Exercise prompt:
Wherever "schematic" appears in a line of the listing, that line should be returned.
Data in this exercise Block Start
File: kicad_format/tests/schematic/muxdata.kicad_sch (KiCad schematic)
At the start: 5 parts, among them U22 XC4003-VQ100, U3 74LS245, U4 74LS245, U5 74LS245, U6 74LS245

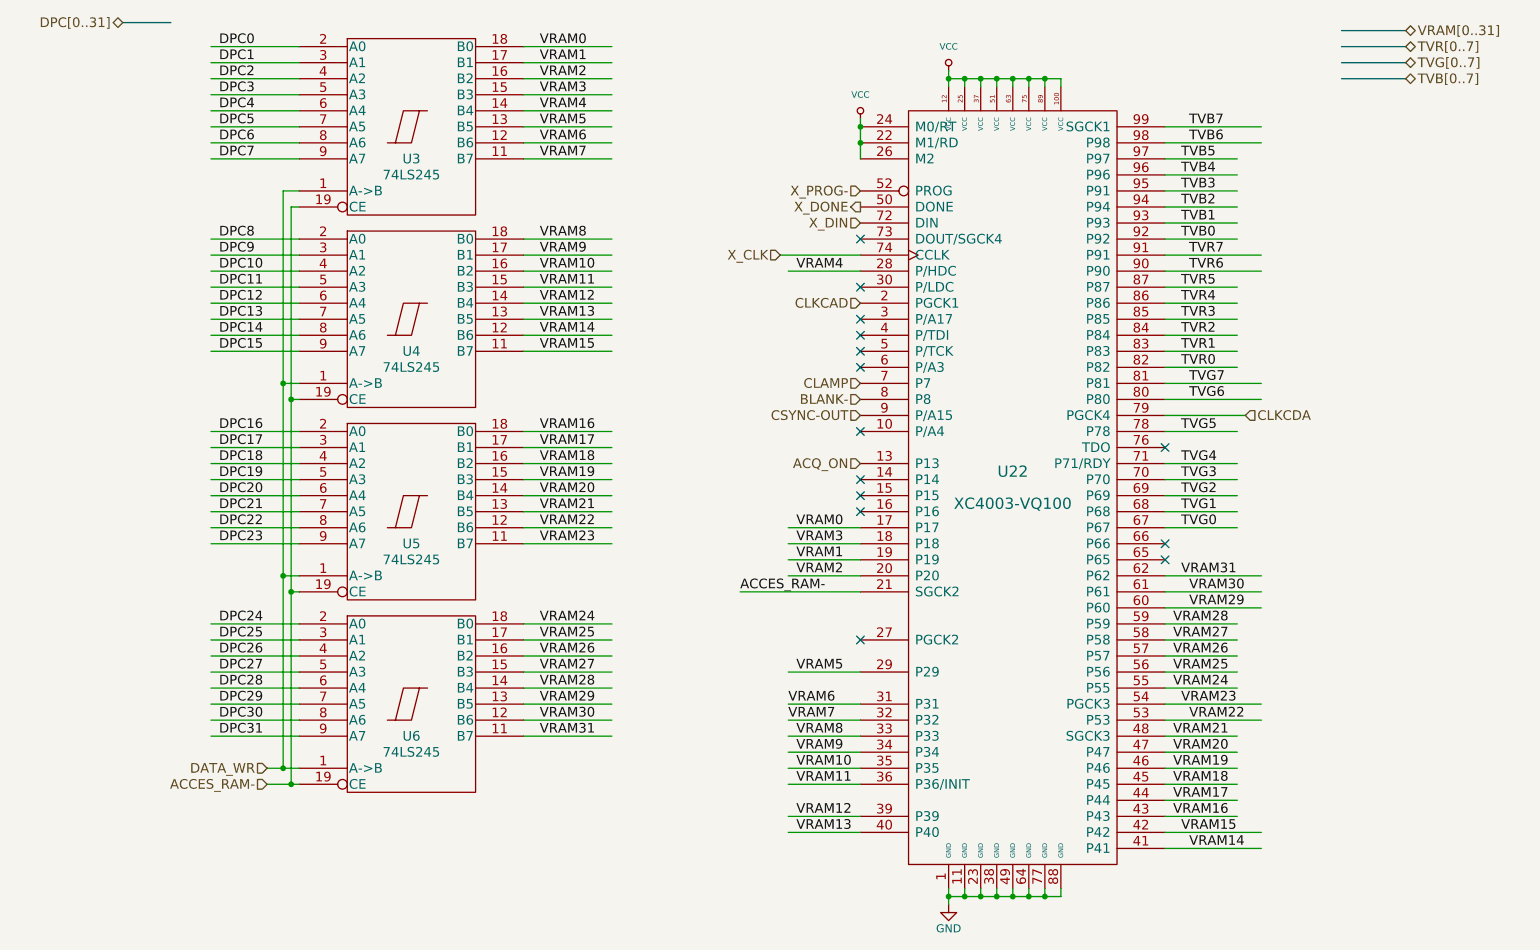
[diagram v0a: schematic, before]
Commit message: Add serialization context and support most modern kicad file idiosyncrasies
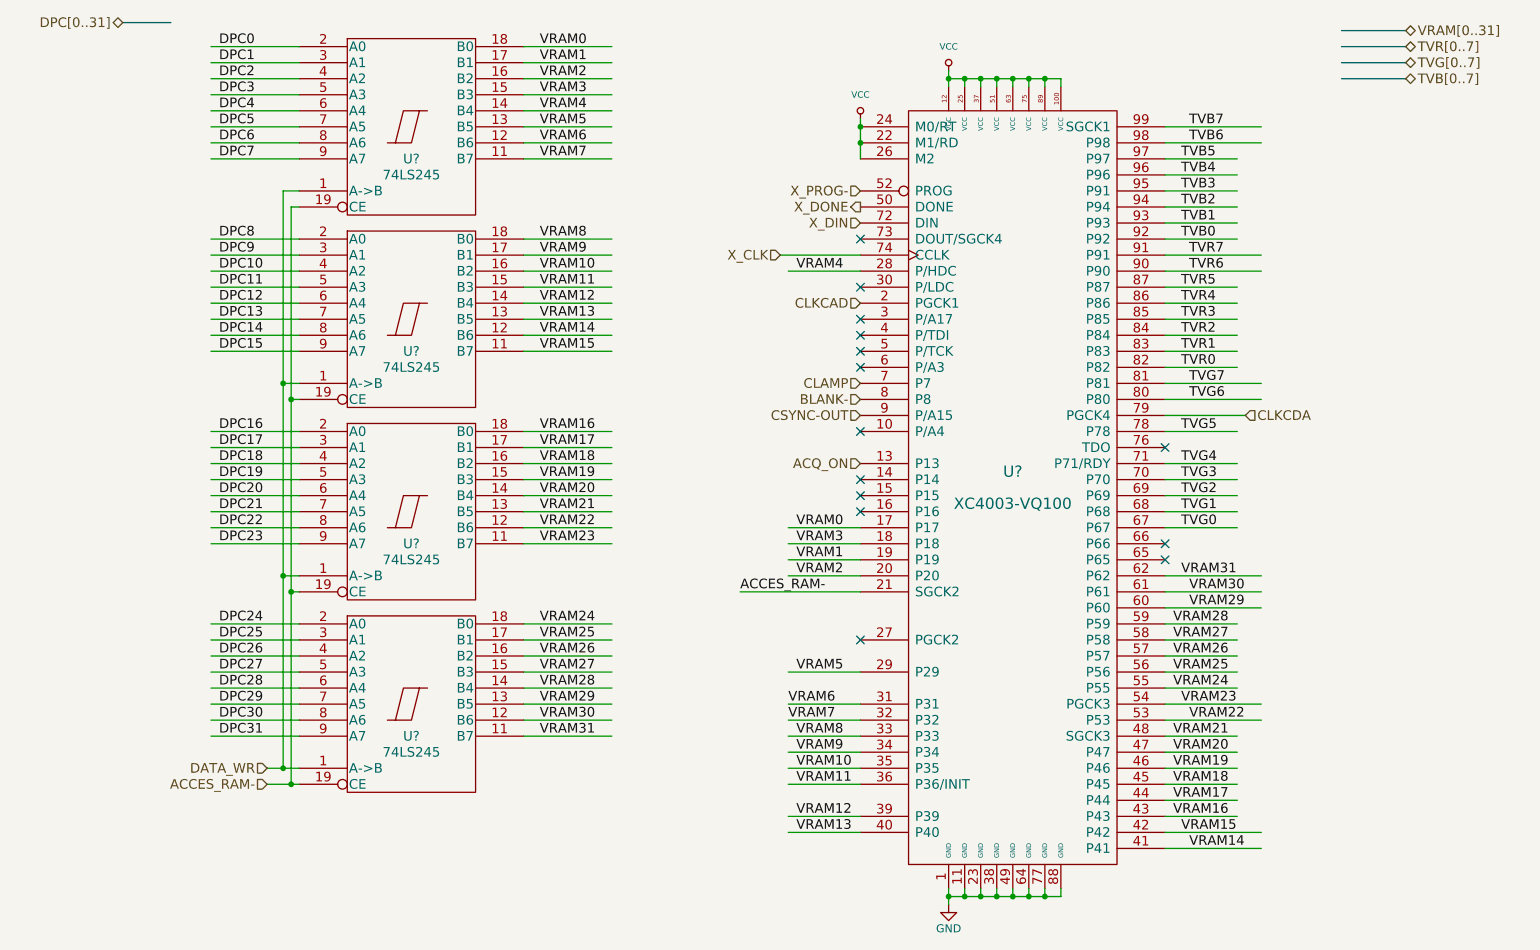
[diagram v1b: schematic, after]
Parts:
- renumbered U22 to U?, U3 to U?, U6 to U?, U5 to U?, U4 to U?
Data in this exercise Block End
Result of the exercise:
File: kicad_format/tests/schematic/muxdata.kicad_sch (KiCad schematic)
[diagram v0a: schematic, before]
[diagram v1b: schematic, after]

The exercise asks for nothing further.